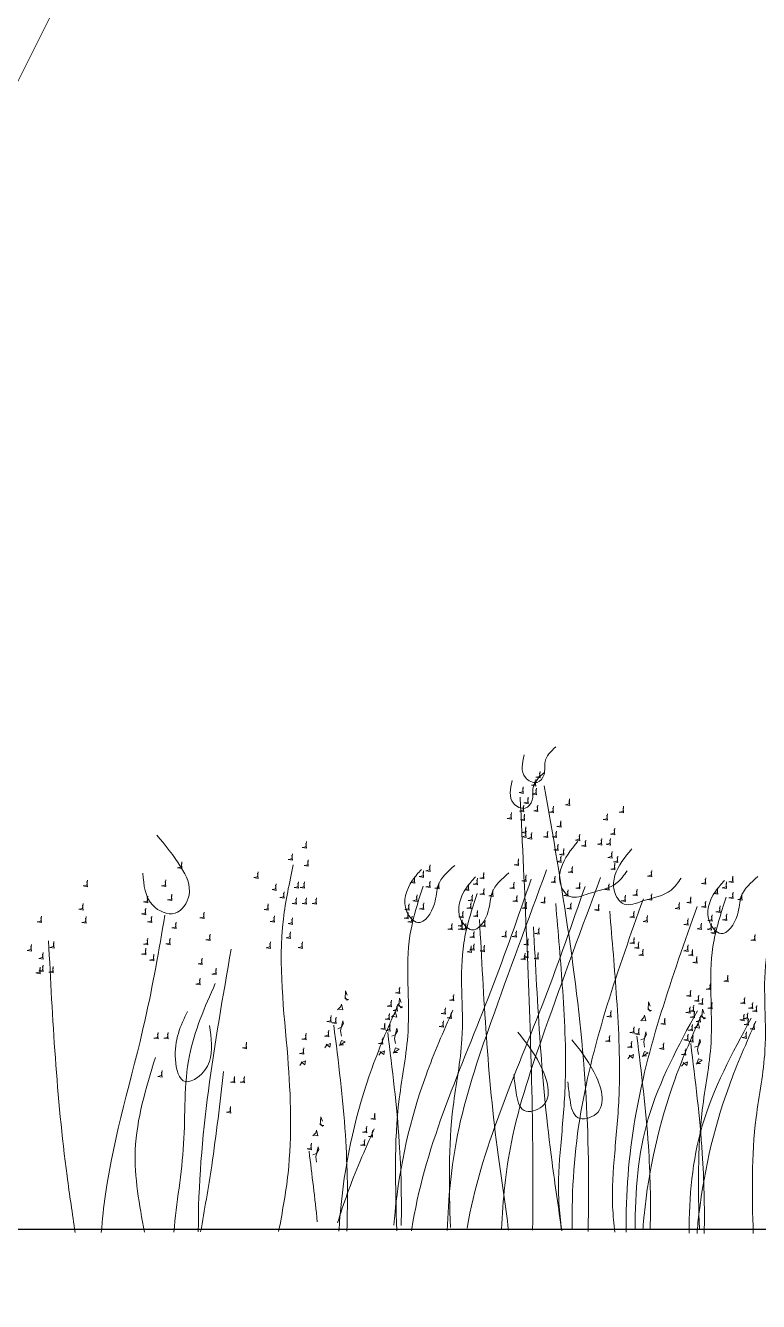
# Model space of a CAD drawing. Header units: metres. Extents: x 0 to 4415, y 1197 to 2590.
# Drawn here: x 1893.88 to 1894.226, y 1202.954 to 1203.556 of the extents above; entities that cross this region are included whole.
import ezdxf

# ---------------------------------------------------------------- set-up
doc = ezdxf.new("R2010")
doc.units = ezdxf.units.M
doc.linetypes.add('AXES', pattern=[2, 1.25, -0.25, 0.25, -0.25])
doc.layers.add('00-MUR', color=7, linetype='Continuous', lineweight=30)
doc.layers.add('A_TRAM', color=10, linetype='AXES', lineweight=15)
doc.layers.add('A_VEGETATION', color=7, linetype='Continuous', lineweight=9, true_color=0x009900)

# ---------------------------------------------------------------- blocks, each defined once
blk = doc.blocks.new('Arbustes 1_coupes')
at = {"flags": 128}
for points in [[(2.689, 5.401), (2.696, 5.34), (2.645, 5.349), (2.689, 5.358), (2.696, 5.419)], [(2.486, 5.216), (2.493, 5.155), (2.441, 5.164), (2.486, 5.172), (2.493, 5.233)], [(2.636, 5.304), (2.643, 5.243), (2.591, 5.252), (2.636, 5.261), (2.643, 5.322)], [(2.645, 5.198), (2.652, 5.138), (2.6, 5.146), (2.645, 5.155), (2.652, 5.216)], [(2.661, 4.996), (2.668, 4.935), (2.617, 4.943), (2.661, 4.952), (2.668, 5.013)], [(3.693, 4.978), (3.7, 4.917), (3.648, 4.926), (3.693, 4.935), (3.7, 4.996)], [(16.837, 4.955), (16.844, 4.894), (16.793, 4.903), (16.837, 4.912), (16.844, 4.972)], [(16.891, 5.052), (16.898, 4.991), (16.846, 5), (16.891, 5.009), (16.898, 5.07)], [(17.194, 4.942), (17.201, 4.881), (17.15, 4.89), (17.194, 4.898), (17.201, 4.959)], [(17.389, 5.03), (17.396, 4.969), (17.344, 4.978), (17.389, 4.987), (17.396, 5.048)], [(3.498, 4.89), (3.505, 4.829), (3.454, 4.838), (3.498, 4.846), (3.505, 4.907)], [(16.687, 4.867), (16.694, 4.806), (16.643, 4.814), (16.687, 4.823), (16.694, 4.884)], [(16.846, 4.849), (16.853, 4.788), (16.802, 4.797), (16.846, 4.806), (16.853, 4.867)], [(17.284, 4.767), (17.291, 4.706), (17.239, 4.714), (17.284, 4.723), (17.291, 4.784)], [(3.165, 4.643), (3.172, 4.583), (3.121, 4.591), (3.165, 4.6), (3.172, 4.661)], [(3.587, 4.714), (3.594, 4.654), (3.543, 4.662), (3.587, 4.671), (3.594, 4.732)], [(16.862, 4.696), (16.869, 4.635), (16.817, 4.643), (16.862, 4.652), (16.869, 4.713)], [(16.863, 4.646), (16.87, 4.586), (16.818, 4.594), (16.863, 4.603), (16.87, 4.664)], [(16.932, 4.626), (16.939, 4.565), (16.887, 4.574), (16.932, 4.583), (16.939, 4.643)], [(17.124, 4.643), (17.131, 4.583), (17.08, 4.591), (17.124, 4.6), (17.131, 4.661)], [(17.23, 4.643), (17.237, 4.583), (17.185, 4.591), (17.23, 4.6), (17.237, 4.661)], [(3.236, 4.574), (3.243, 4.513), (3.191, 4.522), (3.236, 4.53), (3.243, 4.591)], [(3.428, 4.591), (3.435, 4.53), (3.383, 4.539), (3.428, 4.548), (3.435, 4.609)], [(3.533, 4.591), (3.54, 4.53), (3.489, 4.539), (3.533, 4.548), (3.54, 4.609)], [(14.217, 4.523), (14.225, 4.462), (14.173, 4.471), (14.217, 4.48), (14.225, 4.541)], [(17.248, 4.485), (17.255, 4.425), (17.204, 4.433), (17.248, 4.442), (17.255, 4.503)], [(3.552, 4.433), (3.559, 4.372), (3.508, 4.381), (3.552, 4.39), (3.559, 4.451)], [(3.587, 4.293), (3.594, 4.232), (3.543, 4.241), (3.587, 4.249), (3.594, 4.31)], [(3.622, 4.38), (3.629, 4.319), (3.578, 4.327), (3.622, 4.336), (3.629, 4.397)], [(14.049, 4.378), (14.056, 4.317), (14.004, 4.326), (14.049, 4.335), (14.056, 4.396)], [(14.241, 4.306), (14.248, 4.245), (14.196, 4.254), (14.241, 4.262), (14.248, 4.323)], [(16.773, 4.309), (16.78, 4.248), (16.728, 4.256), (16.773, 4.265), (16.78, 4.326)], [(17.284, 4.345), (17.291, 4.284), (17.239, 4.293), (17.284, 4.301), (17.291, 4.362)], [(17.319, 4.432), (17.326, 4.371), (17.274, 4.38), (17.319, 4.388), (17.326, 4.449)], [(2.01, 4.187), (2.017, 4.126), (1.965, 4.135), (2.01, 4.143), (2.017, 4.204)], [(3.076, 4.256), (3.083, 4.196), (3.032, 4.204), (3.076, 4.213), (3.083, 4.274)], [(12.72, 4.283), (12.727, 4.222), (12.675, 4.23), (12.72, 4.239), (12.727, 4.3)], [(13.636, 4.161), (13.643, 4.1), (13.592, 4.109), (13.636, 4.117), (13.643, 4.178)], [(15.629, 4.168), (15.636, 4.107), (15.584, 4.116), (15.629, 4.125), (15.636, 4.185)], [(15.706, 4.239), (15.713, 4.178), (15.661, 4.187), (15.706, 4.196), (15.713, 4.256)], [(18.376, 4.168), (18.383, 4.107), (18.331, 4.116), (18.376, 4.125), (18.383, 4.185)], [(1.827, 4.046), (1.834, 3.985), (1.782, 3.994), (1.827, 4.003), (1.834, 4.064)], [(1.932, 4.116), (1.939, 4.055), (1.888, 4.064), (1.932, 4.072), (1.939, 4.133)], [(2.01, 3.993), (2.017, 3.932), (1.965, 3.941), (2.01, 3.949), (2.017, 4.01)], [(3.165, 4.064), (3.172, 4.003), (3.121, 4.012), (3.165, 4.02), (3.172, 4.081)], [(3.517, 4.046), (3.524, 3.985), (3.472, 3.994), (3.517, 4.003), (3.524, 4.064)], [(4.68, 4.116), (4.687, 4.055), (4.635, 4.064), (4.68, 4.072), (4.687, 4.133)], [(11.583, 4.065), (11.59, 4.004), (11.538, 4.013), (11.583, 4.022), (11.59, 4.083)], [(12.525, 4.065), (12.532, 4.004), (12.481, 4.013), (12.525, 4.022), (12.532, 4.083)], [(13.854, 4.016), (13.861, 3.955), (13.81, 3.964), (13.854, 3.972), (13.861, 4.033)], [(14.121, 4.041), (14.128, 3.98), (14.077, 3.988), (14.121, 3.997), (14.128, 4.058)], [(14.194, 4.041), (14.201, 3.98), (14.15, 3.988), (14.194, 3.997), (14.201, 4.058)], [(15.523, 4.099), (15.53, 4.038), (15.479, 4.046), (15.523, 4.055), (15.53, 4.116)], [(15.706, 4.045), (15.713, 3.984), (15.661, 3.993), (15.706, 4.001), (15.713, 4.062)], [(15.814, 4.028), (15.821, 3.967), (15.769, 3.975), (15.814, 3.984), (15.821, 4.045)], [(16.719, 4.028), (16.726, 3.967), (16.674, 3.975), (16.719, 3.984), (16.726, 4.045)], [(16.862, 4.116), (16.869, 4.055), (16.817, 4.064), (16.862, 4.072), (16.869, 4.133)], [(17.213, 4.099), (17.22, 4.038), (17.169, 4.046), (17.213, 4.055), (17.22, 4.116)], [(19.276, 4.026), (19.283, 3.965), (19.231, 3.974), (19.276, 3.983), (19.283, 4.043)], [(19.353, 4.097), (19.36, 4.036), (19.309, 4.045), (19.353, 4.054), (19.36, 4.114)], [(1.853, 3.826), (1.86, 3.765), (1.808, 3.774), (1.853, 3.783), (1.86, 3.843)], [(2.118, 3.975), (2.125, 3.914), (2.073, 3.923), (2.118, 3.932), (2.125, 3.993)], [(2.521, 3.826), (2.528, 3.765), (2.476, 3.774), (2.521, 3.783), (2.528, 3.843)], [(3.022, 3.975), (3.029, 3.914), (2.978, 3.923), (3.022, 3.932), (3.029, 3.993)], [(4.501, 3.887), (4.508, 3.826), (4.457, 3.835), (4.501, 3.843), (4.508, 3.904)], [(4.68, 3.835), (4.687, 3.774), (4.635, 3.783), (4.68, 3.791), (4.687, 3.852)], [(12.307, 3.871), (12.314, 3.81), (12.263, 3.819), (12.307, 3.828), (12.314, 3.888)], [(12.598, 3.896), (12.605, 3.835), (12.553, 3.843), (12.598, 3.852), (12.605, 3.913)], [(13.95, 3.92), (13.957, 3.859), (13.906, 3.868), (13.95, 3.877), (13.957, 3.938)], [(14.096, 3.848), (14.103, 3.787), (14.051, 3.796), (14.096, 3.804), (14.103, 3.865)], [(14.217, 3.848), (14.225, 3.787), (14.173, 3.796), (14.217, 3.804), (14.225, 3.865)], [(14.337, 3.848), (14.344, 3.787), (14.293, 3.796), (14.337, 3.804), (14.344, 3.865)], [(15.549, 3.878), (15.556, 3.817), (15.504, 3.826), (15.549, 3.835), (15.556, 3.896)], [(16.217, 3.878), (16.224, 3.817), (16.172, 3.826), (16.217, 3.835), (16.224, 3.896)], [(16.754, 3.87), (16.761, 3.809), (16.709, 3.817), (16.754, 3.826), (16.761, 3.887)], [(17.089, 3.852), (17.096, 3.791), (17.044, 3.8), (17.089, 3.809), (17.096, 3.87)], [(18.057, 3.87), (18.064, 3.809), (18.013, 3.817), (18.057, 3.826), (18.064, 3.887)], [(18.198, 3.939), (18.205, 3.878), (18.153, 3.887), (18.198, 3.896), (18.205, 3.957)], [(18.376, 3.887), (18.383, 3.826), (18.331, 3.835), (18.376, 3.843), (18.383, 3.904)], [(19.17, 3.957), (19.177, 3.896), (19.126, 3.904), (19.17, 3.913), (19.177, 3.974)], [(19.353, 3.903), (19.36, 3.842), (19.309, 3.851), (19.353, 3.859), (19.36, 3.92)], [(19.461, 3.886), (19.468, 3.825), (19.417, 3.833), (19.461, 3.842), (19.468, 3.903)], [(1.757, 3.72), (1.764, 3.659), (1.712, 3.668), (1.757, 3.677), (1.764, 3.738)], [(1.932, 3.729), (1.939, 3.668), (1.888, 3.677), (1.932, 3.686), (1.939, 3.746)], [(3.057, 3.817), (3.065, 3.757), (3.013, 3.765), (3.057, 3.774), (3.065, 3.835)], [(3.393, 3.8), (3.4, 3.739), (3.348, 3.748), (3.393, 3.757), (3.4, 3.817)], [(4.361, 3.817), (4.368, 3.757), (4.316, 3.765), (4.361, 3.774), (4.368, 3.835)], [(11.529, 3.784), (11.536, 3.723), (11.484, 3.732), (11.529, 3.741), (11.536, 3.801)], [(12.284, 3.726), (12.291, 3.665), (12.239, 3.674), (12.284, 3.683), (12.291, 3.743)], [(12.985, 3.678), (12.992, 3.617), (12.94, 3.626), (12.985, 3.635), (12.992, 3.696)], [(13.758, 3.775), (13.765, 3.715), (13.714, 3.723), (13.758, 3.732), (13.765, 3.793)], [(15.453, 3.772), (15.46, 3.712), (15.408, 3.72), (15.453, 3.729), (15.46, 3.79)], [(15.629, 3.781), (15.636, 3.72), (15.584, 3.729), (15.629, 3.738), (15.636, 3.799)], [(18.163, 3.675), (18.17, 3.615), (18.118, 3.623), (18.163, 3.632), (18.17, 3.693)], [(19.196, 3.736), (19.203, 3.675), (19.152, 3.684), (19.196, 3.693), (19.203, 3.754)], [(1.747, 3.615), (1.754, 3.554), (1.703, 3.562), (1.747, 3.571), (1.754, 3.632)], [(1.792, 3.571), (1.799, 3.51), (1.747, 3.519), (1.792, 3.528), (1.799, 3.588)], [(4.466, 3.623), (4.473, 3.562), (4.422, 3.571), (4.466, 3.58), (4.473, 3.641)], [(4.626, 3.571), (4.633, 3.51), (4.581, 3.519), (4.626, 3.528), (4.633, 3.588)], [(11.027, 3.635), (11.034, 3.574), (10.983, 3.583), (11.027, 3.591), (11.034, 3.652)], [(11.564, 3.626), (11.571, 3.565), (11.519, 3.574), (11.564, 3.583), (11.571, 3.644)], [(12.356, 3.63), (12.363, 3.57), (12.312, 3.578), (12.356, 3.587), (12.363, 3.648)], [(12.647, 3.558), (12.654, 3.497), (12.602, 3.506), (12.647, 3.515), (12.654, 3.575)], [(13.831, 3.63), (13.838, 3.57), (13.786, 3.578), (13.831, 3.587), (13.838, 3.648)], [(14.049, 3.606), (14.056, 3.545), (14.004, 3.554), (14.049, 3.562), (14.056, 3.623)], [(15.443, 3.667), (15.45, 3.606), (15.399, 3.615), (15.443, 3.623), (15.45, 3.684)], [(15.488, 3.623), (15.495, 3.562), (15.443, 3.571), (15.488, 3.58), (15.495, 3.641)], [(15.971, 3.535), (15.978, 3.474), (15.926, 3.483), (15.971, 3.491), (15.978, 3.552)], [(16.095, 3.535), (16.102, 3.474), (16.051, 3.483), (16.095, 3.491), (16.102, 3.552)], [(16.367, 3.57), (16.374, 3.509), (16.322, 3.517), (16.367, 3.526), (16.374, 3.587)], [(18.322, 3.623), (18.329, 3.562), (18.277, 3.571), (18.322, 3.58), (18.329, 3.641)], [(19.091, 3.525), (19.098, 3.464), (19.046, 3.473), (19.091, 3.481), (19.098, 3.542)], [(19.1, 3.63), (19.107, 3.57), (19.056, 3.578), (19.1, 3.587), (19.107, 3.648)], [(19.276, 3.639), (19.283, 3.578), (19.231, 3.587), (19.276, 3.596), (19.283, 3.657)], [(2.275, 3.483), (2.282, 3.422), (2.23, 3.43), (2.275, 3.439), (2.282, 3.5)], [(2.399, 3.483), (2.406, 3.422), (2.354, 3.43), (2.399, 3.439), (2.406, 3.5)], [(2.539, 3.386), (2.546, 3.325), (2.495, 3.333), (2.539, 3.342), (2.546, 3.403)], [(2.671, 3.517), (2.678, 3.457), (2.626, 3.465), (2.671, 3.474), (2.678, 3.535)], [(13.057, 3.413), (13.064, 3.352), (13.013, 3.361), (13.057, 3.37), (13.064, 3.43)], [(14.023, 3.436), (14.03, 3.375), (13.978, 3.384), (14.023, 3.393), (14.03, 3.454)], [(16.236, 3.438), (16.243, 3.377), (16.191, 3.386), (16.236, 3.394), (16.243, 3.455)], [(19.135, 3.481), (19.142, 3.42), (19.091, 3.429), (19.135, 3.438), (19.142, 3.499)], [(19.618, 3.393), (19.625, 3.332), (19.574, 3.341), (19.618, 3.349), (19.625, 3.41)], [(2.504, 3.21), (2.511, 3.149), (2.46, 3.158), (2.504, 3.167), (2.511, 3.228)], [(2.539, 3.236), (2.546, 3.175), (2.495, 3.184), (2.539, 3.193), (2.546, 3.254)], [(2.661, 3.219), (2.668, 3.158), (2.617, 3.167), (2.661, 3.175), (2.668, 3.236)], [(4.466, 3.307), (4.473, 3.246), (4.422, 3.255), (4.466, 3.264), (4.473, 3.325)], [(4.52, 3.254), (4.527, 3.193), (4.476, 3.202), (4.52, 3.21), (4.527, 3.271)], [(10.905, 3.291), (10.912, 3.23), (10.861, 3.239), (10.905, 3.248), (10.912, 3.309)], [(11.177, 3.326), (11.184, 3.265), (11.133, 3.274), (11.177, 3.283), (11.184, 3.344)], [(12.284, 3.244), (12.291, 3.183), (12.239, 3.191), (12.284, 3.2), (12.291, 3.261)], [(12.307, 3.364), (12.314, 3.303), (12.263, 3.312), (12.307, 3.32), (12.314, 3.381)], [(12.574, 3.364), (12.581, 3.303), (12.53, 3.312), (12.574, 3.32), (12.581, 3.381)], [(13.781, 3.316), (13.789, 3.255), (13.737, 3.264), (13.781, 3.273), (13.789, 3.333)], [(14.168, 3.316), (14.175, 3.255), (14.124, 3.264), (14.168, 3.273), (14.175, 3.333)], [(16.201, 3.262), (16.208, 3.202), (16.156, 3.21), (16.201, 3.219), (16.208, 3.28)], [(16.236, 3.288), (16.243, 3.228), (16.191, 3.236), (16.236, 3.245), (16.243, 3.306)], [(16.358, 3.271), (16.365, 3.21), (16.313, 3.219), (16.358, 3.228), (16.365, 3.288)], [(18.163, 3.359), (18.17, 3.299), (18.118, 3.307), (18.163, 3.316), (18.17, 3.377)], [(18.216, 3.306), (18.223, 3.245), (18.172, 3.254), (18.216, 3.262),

→ Aim of the task:
Beginning with the first line of the records, write out every line up to and including the one with "color=7, linetype='Continuous', lineweight=30)", exactly, and omit all pictures.

→ Task output:
# Model space of a CAD drawing. Header units: metres. Extents: x 0 to 4415, y 1197 to 2590.
# Drawn here: x 1893.88 to 1894.226, y 1202.954 to 1203.556 of the extents above; entities that cross this region are included whole.
import ezdxf

# ---------------------------------------------------------------- set-up
doc = ezdxf.new("R2010")
doc.units = ezdxf.units.M
doc.linetypes.add('AXES', pattern=[2, 1.25, -0.25, 0.25, -0.25])
doc.layers.add('00-MUR', color=7, linetype='Continuous', lineweight=30)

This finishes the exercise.